Error in dbSendQuery(conn, statement, ...) : 
  duckdb_prepare_R: Failed to prepare query CREATE VIEW mf AS SELECT * FROM parquet_scan('appdir/datasets/mf.parquet');
Error: IO: Could not read from file "appdir/datasets/mf.parquet": Is a directory

There seems to be a similar feature requested for the SQLite sqlite_parquet_vtable at cldellow/sqlite-parquet-vtable#24. And similar to the issue w the parquet foreign data wrapper for Postgres at adjust/parquet_fdw#15 (comment).

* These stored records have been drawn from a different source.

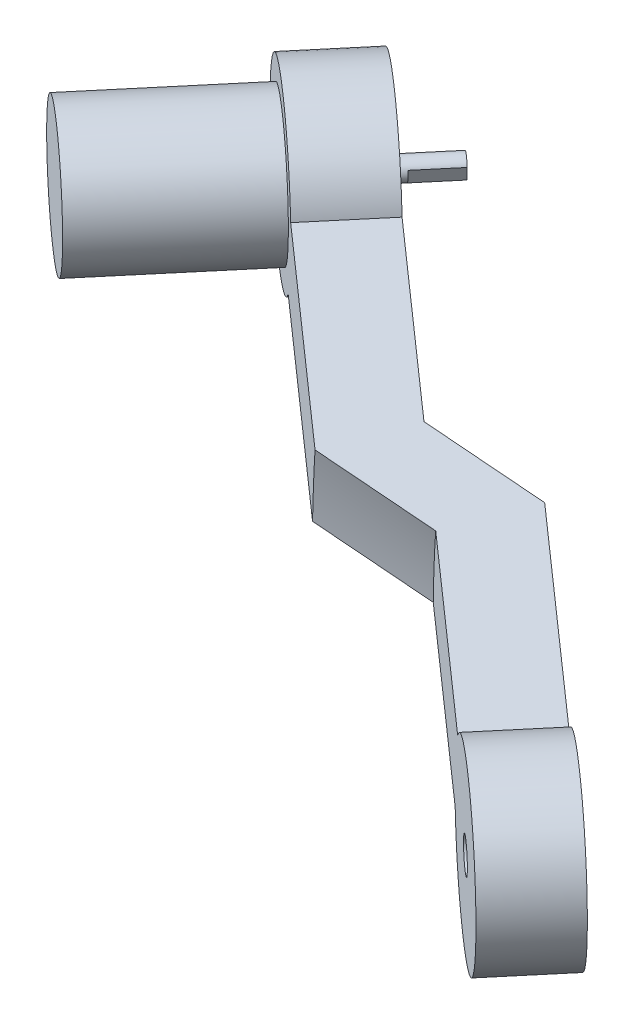
ISO-10303-21;
HEADER;
FILE_DESCRIPTION(('STEP AP214'),'2;1');
FILE_NAME('part.step','',(''),(''),'','','');
FILE_SCHEMA(('AUTOMOTIVE_DESIGN { 1 0 10303 214 1 1 1 1 }'));
ENDSEC;
DATA;
#1=APPLICATION_CONTEXT('core data for automotive mechanical design processes');
#2=APPLICATION_PROTOCOL_DEFINITION('international standard','automotive_design',2000,#1);
#3=PRODUCT_CONTEXT('',#1,'mechanical');
#4=PRODUCT('Part','Part','',(#3));
#5=PRODUCT_RELATED_PRODUCT_CATEGORY('part','',(#4));
#6=PRODUCT_DEFINITION_FORMATION('','',#4);
#7=PRODUCT_DEFINITION_CONTEXT('part definition',#1,'design');
#8=PRODUCT_DEFINITION('design','',#6,#7);
#9=PRODUCT_DEFINITION_SHAPE('','',#8);
#10=(LENGTH_UNIT() NAMED_UNIT(*) SI_UNIT(.MILLI.,.METRE.));
#11=(NAMED_UNIT(*) PLANE_ANGLE_UNIT() SI_UNIT($,.RADIAN.));
#12=(NAMED_UNIT(*) SI_UNIT($,.STERADIAN.) SOLID_ANGLE_UNIT());
#13=UNCERTAINTY_MEASURE_WITH_UNIT(LENGTH_MEASURE(1.E-05),#10,'distance_accuracy_value','');
#14=(GEOMETRIC_REPRESENTATION_CONTEXT(3) GLOBAL_UNCERTAINTY_ASSIGNED_CONTEXT((#13)) GLOBAL_UNIT_ASSIGNED_CONTEXT((#10,
#11,#12)) REPRESENTATION_CONTEXT('',''));
#15=CARTESIAN_POINT('',(0.,0.,0.));
#16=DIRECTION('',(0.,0.,1.));
#17=DIRECTION('',(1.,0.,0.));
#18=AXIS2_PLACEMENT_3D('',#15,#16,#17);
#19=CARTESIAN_POINT('',(8.60422844084496E-13,100.900000000001,8.04884587798926E-13));
#20=DIRECTION('',(0.644234817231313,0.,-0.764827758561977));
#21=DIRECTION('',(-0.198392279206198,-0.965771391852848,-0.167111107440478));
#22=AXIS2_PLACEMENT_3D('',#19,#20,#21);
#23=PLANE('',#22);
#24=CARTESIAN_POINT('',(8.60422844084496E-13,100.900000000001,8.04884587798926E-13));
#25=DIRECTION('',(0.644234817231313,0.,-0.764827758561977));
#26=DIRECTION('',(-0.198392279206198,-0.965771391852848,-0.167111107440478));
#27=AXIS2_PLACEMENT_3D('',#24,#25,#26);
#28=CIRCLE('',#27,3.);
#29=CARTESIAN_POINT('',(-0.595176837617734,98.0026858244429,-0.501333322320631));
#30=VERTEX_POINT('',#29);
#31=EDGE_CURVE('P0_E136',#30,#30,#28,.T.);
#32=ORIENTED_EDGE('',*,*,#31,.T.);
#33=EDGE_LOOP('',(#32));
#34=FACE_BOUND('',#33,.T.);
#35=DIRECTION('',(0.738648768914095,-0.259394715980515,0.62218355611755));
#36=VECTOR('',#35,1.);
#37=CARTESIAN_POINT('',(1.48794209404739,108.143285438898,1.25333330580443));
#38=LINE('',#37,#36);
#39=CARTESIAN_POINT('',(-35.7735755778973,121.22858551694,-30.1330367081199));
#40=VERTEX_POINT('',#39);
#41=CARTESIAN_POINT('',(-9.36793340379948,111.955593615657,-7.89086012722527));
#42=VERTEX_POINT('',#41);
#43=EDGE_CURVE('P0_E46',#40,#42,#38,.T.);
#44=ORIENTED_EDGE('',*,*,#43,.F.);
#45=CARTESIAN_POINT('',(8.60422844084496E-13,100.900000000001,8.04884587798926E-13));
#46=DIRECTION('',(0.644234817231313,0.,-0.764827758561977));
#47=DIRECTION('',(-0.198392279206198,-0.965771391852848,-0.167111107440478));
#48=AXIS2_PLACEMENT_3D('',#45,#46,#47);
#49=CIRCLE('',#48,51.0000000000001);
#50=CARTESIAN_POINT('',(-38.7494597659903,106.742014639147,-32.6397033197271));
#51=VERTEX_POINT('',#50);
#52=EDGE_CURVE('P0_E27',#40,#51,#49,.F.);
#53=ORIENTED_EDGE('',*,*,#52,.T.);
#54=DIRECTION('',(0.738648768914094,-0.259394715980517,0.622183556117549));
#55=VECTOR('',#54,1.);
#56=CARTESIAN_POINT('',(-1.48794209404563,93.656714561105,-1.25333330580279));
#57=LINE('',#56,#55);
#58=CARTESIAN_POINT('',(-12.3438175918926,97.4690227378636,-10.3975267388326));
#59=VERTEX_POINT('',#58);
#60=EDGE_CURVE('P0_E35',#51,#59,#57,.T.);
#61=ORIENTED_EDGE('',*,*,#60,.T.);
#62=CARTESIAN_POINT('',(8.60422844084496E-13,100.900000000001,8.04884587798926E-13));
#63=DIRECTION('',(0.644234817231313,0.,-0.764827758561977));
#64=DIRECTION('',(-0.198392279206198,-0.965771391852848,-0.167111107440478));
#65=AXIS2_PLACEMENT_3D('',#62,#63,#64);
#66=CIRCLE('',#65,16.5);
#67=EDGE_CURVE('P0_E139',#42,#59,#66,.T.);
#68=ORIENTED_EDGE('',*,*,#67,.F.);
#69=EDGE_LOOP('',(#44,#53,#61,#68));
#70=FACE_BOUND('',#69,.T.);
#71=ADVANCED_FACE('P0_F16',(#34,#70),#23,.F.);
#72=CARTESIAN_POINT('',(2.25482186031045,100.900000000001,-2.67689715496611));
#73=DIRECTION('',(-0.644234817231313,0.,0.764827758561977));
#74=DIRECTION('',(0.198392279206198,0.965771391852848,0.167111107440478));
#75=AXIS2_PLACEMENT_3D('',#72,#73,#74);
#76=CYLINDRICAL_SURFACE('',#75,16.5);
#77=ORIENTED_EDGE('',*,*,#67,.T.);
#78=DIRECTION('',(-0.644234817231313,0.,0.764827758561977));
#79=VECTOR('',#78,1.);
#80=CARTESIAN_POINT('',(-10.088995731583,97.4690227378637,-13.0744238937995));
#81=LINE('',#80,#79);
#82=CARTESIAN_POINT('',(-2.68029533342291,97.4690227378637,-21.8699431172622));
#83=VERTEX_POINT('',#82);
#84=EDGE_CURVE('P0_E147',#83,#59,#81,.T.);
#85=ORIENTED_EDGE('',*,*,#84,.F.);
#86=CARTESIAN_POINT('',(9.66352225847055,100.900000000001,-11.4724163784288));
#87=DIRECTION('',(0.644234817231313,0.,-0.764827758561977));
#88=DIRECTION('',(-0.198392279206198,-0.965771391852848,-0.167111107440478));
#89=AXIS2_PLACEMENT_3D('',#86,#87,#88);
#90=CIRCLE('',#89,16.5);
#91=CARTESIAN_POINT('',(0.295588854670211,111.955593615657,-19.3632765056549));
#92=VERTEX_POINT('',#91);
#93=EDGE_CURVE('P0_E129',#92,#83,#90,.T.);
#94=ORIENTED_EDGE('',*,*,#93,.F.);
#95=DIRECTION('',(-0.644234817231313,0.,0.764827758561977));
#96=VECTOR('',#95,1.);
#97=CARTESIAN_POINT('',(-7.11311154348989,111.955593615657,-10.5677572821922));
#98=LINE('',#97,#96);
#99=EDGE_CURVE('P0_E144',#92,#42,#98,.T.);
#100=ORIENTED_EDGE('',*,*,#99,.T.);
#101=EDGE_LOOP('',(#77,#85,#94,#100));
#102=FACE_BOUND('',#101,.T.);
#103=ADVANCED_FACE('P0_F174',(#102),#76,.T.);
#104=CARTESIAN_POINT('',(0.766879766263965,93.656714561105,-3.9302304607697));
#105=DIRECTION('',(-0.198392279206198,-0.965771391852848,-0.167111107440479));
#106=DIRECTION('',(-0.738648768914094,0.259394715980517,-0.622183556117549));
#107=AXIS2_PLACEMENT_3D('',#104,#105,#106);
#108=PLANE('',#107);
#109=ORIENTED_EDGE('',*,*,#60,.F.);
#110=CARTESIAN_POINT('',(-38.7494597659903,106.742014639147,-32.6397033197271));
#111=CARTESIAN_POINT('',(-40.4860172779279,107.069406063505,-32.4701494724891));
#112=CARTESIAN_POINT('',(-42.2225318554562,107.396670431259,-32.2999123087422));
#113=CARTESIAN_POINT('',(-45.6954879621573,108.050985891134,-31.9582921371573));
#114=CARTESIAN_POINT('',(-47.4319294913518,108.378036983318,-31.7869091296625));
#115=CARTESIAN_POINT('',(-50.9047531798364,109.031966891383,-31.4432179757123));
#116=CARTESIAN_POINT('',(-52.6411353391327,109.358845707281,-31.2709098293538));
#117=CARTESIAN_POINT('',(-56.1138502016387,110.012458871273,-30.9255173394852));
#118=CARTESIAN_POINT('',(-57.8501829048335,110.339193219324,-30.7524329957437));
#119=CARTESIAN_POINT('',(-59.5864952280891,110.665869123086,-30.5790350845735));
#120=B_SPLINE_CURVE_WITH_KNOTS('',3,(#110,#111,#112,#113,#114,#115,#116,#117,#118,#119),
.UNSPECIFIED.,.F.,.F.,(4,2,2,2,4),(0.,5.32579447535091,10.6515873559819,15.9773796785121,
21.3031735892705),.UNSPECIFIED.);
#121=CARTESIAN_POINT('',(-59.5864952280891,110.665869123086,-30.5790350845735));
#122=VERTEX_POINT('',#121);
#123=EDGE_CURVE('P0_E183',#51,#122,#120,.T.);
#124=ORIENTED_EDGE('',*,*,#123,.T.);
#125=DIRECTION('',(0.738648768914094,-0.259394715980517,0.622183556117549));
#126=VECTOR('',#125,1.);
#127=CARTESIAN_POINT('',(-11.1514643525153,93.656714561105,10.2190830726269));
#128=LINE('',#127,#126);
#129=CARTESIAN_POINT('',(-88.9334411243596,120.971772302009,-55.2987502284493));
#130=VERTEX_POINT('',#129);
#131=EDGE_CURVE('P0_E100',#130,#122,#128,.T.);
#132=ORIENTED_EDGE('',*,*,#131,.F.);
#133=DIRECTION('',(0.644234817231313,0.,-0.764827758561977));
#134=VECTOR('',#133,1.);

The suggested workaround w "globbing" for parquet data located in a folder is not super heavy and seems to work when I try this:

sql_union <- paste0("SELECT * FROM parquet_scan('", 
  Sys.glob("appdir/datasets/masterfile.parquet/*.parquet"), "')", 
  collapse=" UNION ALL ")
sql <- sprintf("CREATE VIEW mf AS %s", sql_union)
dbExecute(con, sql)

library(dplyr)
dbGetQuery(con, "select * from mf;") %>% as_tibble()
dbDisconnect(con, shutdown = TRUE)

But I have most parquet files in this partitioned format (a folder with compressed files in it) and would like to up-vote this feature.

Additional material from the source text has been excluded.